吴麟来到北京后,什么卑微的工作都做过。在快餐店端盘子,在蛋糕店卖糕点,在各种商城门口发传单。我觉得吴麟是一个很能吃苦的人,可是能吃苦又有什么用呢?金钱往往属于那些聪明又冷酷的人,比如周辛。而不是属于最能吃苦耐劳的人,世界本来是不公平的。
***
周辛没有再来缪斯酒吧。
有好几次,我注视着门口进来的客人,都恍惚地把别人的侧影认成了他。其实那些人跟周辛一点也不像,也许是我的脑子里,他的脸出现太多次了。
想来,我冷嘉还没有对任何一个男的如此朝思暮想。我想,我一定是看上了他有钱,一定是的。
这天下班后,我肚子特别饿。
走在北京午夜的街头,我感到有些冷,我裹紧了外衣。
在街头,吃完一份米粉以后,我哭了。
***
在我哭得酣畅淋漓的时候,电话铃声响起来。
是吴麟的电话。
“冷嘉,我在医院……”吴麟的声音居然有些呜咽。
“怎么了?我马上来!”我丢下筷子,马上站了起来。
***
快一点钟了,我赶到了医院病房。
这是北京的一所老医院,电梯有些问题,我一口气爬上了3楼。
我已经很久没有来过医院了。医院里的楼道里,总有一股特有的味道,让我的心紧缩着。
我找到吴麟在电话里说的房号,推门进去。一颗白色的灯泡在屋顶发着惨淡的光,房间里有两张病床,一张空着。另一张,吴麟躺在那里,面色苍白,如同他现在头顶上那颗灯泡。
“肿瘤,冷嘉……”吴麟像个惶恐的孩子一样看着我,我才发现一个人躺在这样的地方,居然可以像一个坏掉玩偶一样不堪一击,脸上是绝望的神情。
***
又是灯红酒绿的夜晚,“缪斯”酒吧永远都充满笑声和暧昧的气息。
酒吧的吧台内,我的手颤动地在手机上编辑着一条短信。
我此刻只知道,我要钱,必须要,现在就要。
“周辛,你晚上来接我下班吗?”我闭上眼睛按下了发送键。
冷嘉,你在装什么圣洁,不过短短几天,在冷傲地拒绝别人之后,又爬回去找他。我在心里骂过自己十遍。

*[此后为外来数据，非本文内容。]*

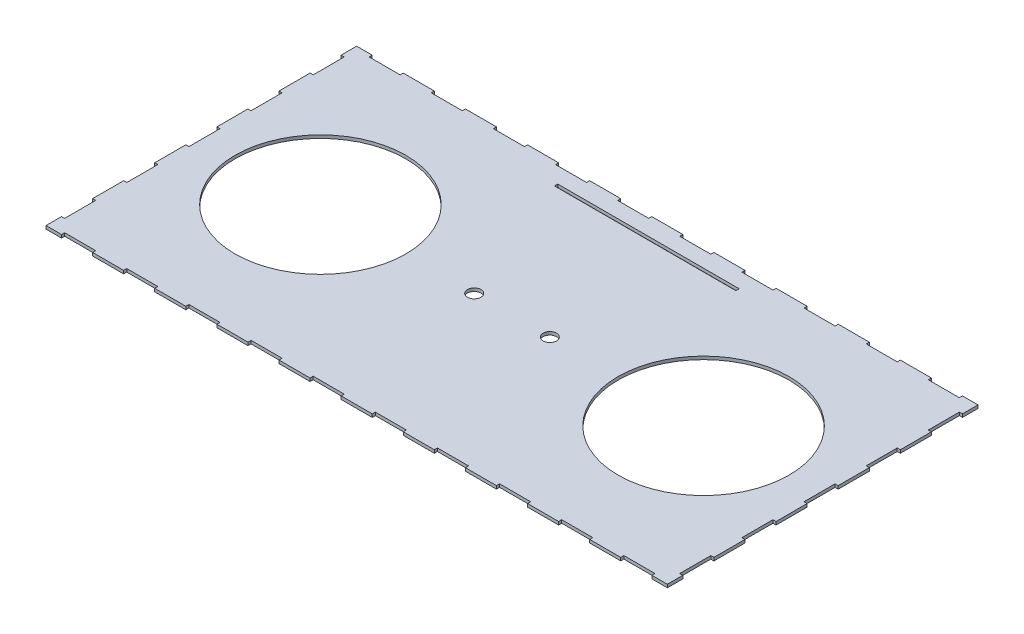
SolidWorks part; units mm, degrees
ref_plane "Front Plane" through (0, 0, 0) normal (0, 0, 1) x (1, 0, 0)
ref_plane "Top Plane" through (0, 0, 0) normal (0, 1, 0) x (1, 0, 0)
ref_plane "Right Plane" through (0, 0, 0) normal (1, 0, 0) x (0, 0, -1)
sketch "Sketch1" plane through (0, 0, 0) normal (0, 1, 0) x (1, 0, 0)
  line L81 (0, 0) -> (600, 0)
  line L82 (0, 0) -> (0, 300)
  line L83 (0, 300) -> (600, 300)
  line L84 (600, 0) -> (600, 300)
  dimension "D1" = 300
  dimension "D2" = 600
extrude "Boss-Extrude1" add sketch "Sketch1" along normal blind 3
sketch "Sketch2" plane through (0, 3, 0) normal (0, 1, 0) x (1, 0, 0)
  line L0 (75, 0) -> (75, 3)
  line L1 (15, 0) -> (45, 0)
  line L2 (15, 0) -> (15, 3)
  line L3 (15, 3) -> (45, 3)
  line L4 (45, 0) -> (45, 3)
  line L5 (75, 0) -> (105, 0)
  line L6 (105, 0) -> (105, 3)
  line L7 (75, 3) -> (105, 3)
  line L8 (135, 0) -> (135, 3)
  line L9 (135, 0) -> (165, 0)
  line L10 (165, 0) -> (165, 3)
  line L11 (135, 3) -> (165, 3)
  line L12 (195, 0) -> (195, 3)
  line L13 (195, 0) -> (225, 0)
  line L14 (225, 0) -> (225, 3)
  line L15 (195, 3) -> (225, 3)
  line L16 (255, 0) -> (255, 3)
  line L17 (255, 0) -> (285, 0)
  line L18 (285, 0) -> (285, 3)
  line L19 (255, 3) -> (285, 3)
  line L20 (315, 0) -> (315, 3)
  line L21 (315, 0) -> (345, 0)
  line L22 (345, 0) -> (345, 3)
  line L23 (315, 3) -> (345, 3)
  line L24 (375, 0) -> (375, 3)
  line L25 (375, 0) -> (405, 0)
  line L26 (405, 0) -> (405, 3)
  line L27 (375, 3) -> (405, 3)
  line L28 (435, 0) -> (435, 3)
  line L29 (435, 0) -> (465, 0)
  line L30 (465, 0) -> (465, 3)
  line L31 (435, 3) -> (465, 3)
  line L32 (495, 0) -> (495, 3)
  line L33 (495, 0) -> (525, 0)
  line L34 (525, 0) -> (525, 3)
  line L35 (495, 3) -> (525, 3)
  line L36 (555, 0) -> (555, 3)
  line L37 (555, 0) -> (585, 0)
  line L38 (585, 0) -> (585, 3)
  line L39 (555, 3) -> (585, 3)
  line L40 (555, 297) -> (585, 297)
  line L41 (0, 150) -> (600, 150) construction
  line L42 (0, 300) -> (0, 0) construction
  line L43 (600, 0) -> (600, 300) construction
  line L44 (585, 300) -> (585, 297)
  line L45 (555, 300) -> (585, 300)
  line L46 (555, 300) -> (555, 297)
  line L47 (495, 297) -> (525, 297)
  line L48 (525, 300) -> (525, 297)
  line L49 (495, 300) -> (525, 300)
  line L50 (495, 300) -> (495, 297)
  line L51 (435, 297) -> (465, 297)
  line L52 (465, 300) -> (465, 297)
  line L53 (435, 300) -> (465, 300)
  line L54 (435, 300) -> (435, 297)
  line L55 (375, 297) -> (405, 297)
  line L56 (405, 300) -> (405, 297)
  line L57 (375, 300) -> (405, 300)
  line L58 (375, 300) -> (375, 297)
  line L59 (315, 297) -> (345, 297)
  line L60 (345, 300) -> (345, 297)
  line L61 (315, 300) -> (345, 300)
  line L62 (315, 300) -> (315, 297)
  line L63 (255, 297) -> (285, 297)
  line L64 (285, 300) -> (285, 297)
  line L65 (255, 300) -> (285, 300)
  line L66 (255, 300) -> (255, 297)
  line L67 (195, 297) -> (225, 297)
  line L68 (225, 300) -> (225, 297)
  line L69 (195, 300) -> (225, 300)
  line L70 (195, 300) -> (195, 297)
  line L71 (135, 297) -> (165, 297)
  line L72 (165, 300) -> (165, 297)
  line L73 (135, 300) -> (165, 300)
  line L74 (135, 300) -> (135, 297)
  line L75 (75, 297) -> (105, 297)
  line L76 (105, 300) -> (105, 297)
  line L77 (75, 300) -> (105, 300)
  line L78 (45, 300) -> (45, 297)
  line L79 (15, 297) -> (45, 297)
  line L80 (15, 300) -> (15, 297)
  line L81 (15, 300) -> (45, 300)
  line L82 (75, 300) -> (75, 297)
  line L83 (0, 0) -> (600, 0) construction
  line L84 (0, 225) -> (0, 195)
  line L85 (0, 285) -> (3, 285)
  line L86 (0, 285) -> (0, 255)
  line L87 (0, 255) -> (3, 255)
  line L88 (3, 285) -> (3, 255)
  line L89 (0, 225) -> (3, 225)
  line L90 (3, 225) -> (3, 195)
  line L91 (0, 195) -> (3, 195)
  line L92 (0, 165) -> (0, 135)
  line L93 (0, 165) -> (3, 165)
  line L94 (3, 165) -> (3, 135)
  line L95 (0, 135) -> (3, 135)
  line L96 (0, 105) -> (0, 75)
  line L97 (0, 105) -> (3, 105)
  line L98 (3, 105) -> (3, 75)
  line L99 (0, 75) -> (3, 75)
  line L100 (0, 45) -> (0, 15)
  line L101 (0, 45) -> (3, 45)
  line L102 (3, 45) -> (3, 15)
  line L103 (0, 15) -> (3, 15)
  line L104 (600, 300) -> (0, 300) construction
  line L105 (300, 300) -> (300, 0) construction
  line L106 (600, 15) -> (597, 15)
  line L107 (597, 45) -> (597, 15)
  line L108 (600, 45) -> (597, 45)
  line L109 (600, 45) -> (600, 15)
  line L110 (600, 75) -> (597, 75)
  line L111 (597, 105) -> (597, 75)
  line L112 (600, 105) -> (597, 105)
  line L113 (600, 105) -> (600, 75)
  line L114 (600, 135) -> (597, 135)
  line L115 (597, 165) -> (597, 135)
  line L116 (600, 165) -> (597, 165)
  line L117 (600, 165) -> (600, 135)
  line L118 (600, 195) -> (597, 195)
  line L119 (597, 225) -> (597, 195)
  line L120 (600, 225) -> (597, 225)
  line L121 (597, 285) -> (597, 255)
  line L122 (600, 255) -> (597, 255)
  line L123 (600, 285) -> (600, 255)
  line L124 (600, 285) -> (597, 285)
  line L125 (600, 225) -> (600, 195)
  circle A0 centre (115, 150) radius 82.5
  circle A1 centre (263.5, 150) radius 6.5
  circle A2 centre (336.5, 150) radius 6.5
  circle A3 centre (485, 150) radius 82.5
  dimension "D10" = 165
  dimension "D12" = 13
  dimension "D1" = 30
  dimension "D2" = 3
  dimension "D4" = 30
  dimension "D5" = 15
  dimension "D6" = 30
  dimension "D7" = 3
  dimension "D9" = 15
  dimension "D11" = 115
  dimension "D13" = 36.5
  dimension "D3" = 10
  dimension "D8" = 5
extrude "Cut-Extrude2" cut sketch "Sketch2" against normal blind 5
sketch "Sketch3" plane through (0, 3, 0) normal (0, 1, 0) x (1, 0, 0)
  line L0 (375, 297) -> (405, 297) construction
  line L1 (212.4, 281.8) -> (387.6, 281.8)
  line L2 (212.4, 281.8) -> (212.4, 278.6)
  line L3 (212.4, 278.6) -> (387.6, 278.6)
  line L4 (387.6, 281.8) -> (387.6, 278.6)
  circle A0 centre (115, 150) radius 82.5 construction
  circle A1 centre (485, 150) radius 82.5 construction
  dimension "D1" = 3.2
  dimension "D2" = 15.2
  dimension "D3" = 97.4
  dimension "D4" = 97.4
extrude "Cut-Extrude3" cut sketch "Sketch3" against normal blind 10

我不知道周辛是否会答应我,不过我不管了,我一定要跟他联系。
“好。”周辛回复我。
自尊什么的,现在谁在乎呢?自尊是一个人足够牛逼的时候才能拥有的东西。而对于此时的我,这显然是一个奢侈品。
周辛白色的车停在“缪斯”酒吧门口,我轻轻敲了下他的车窗玻璃。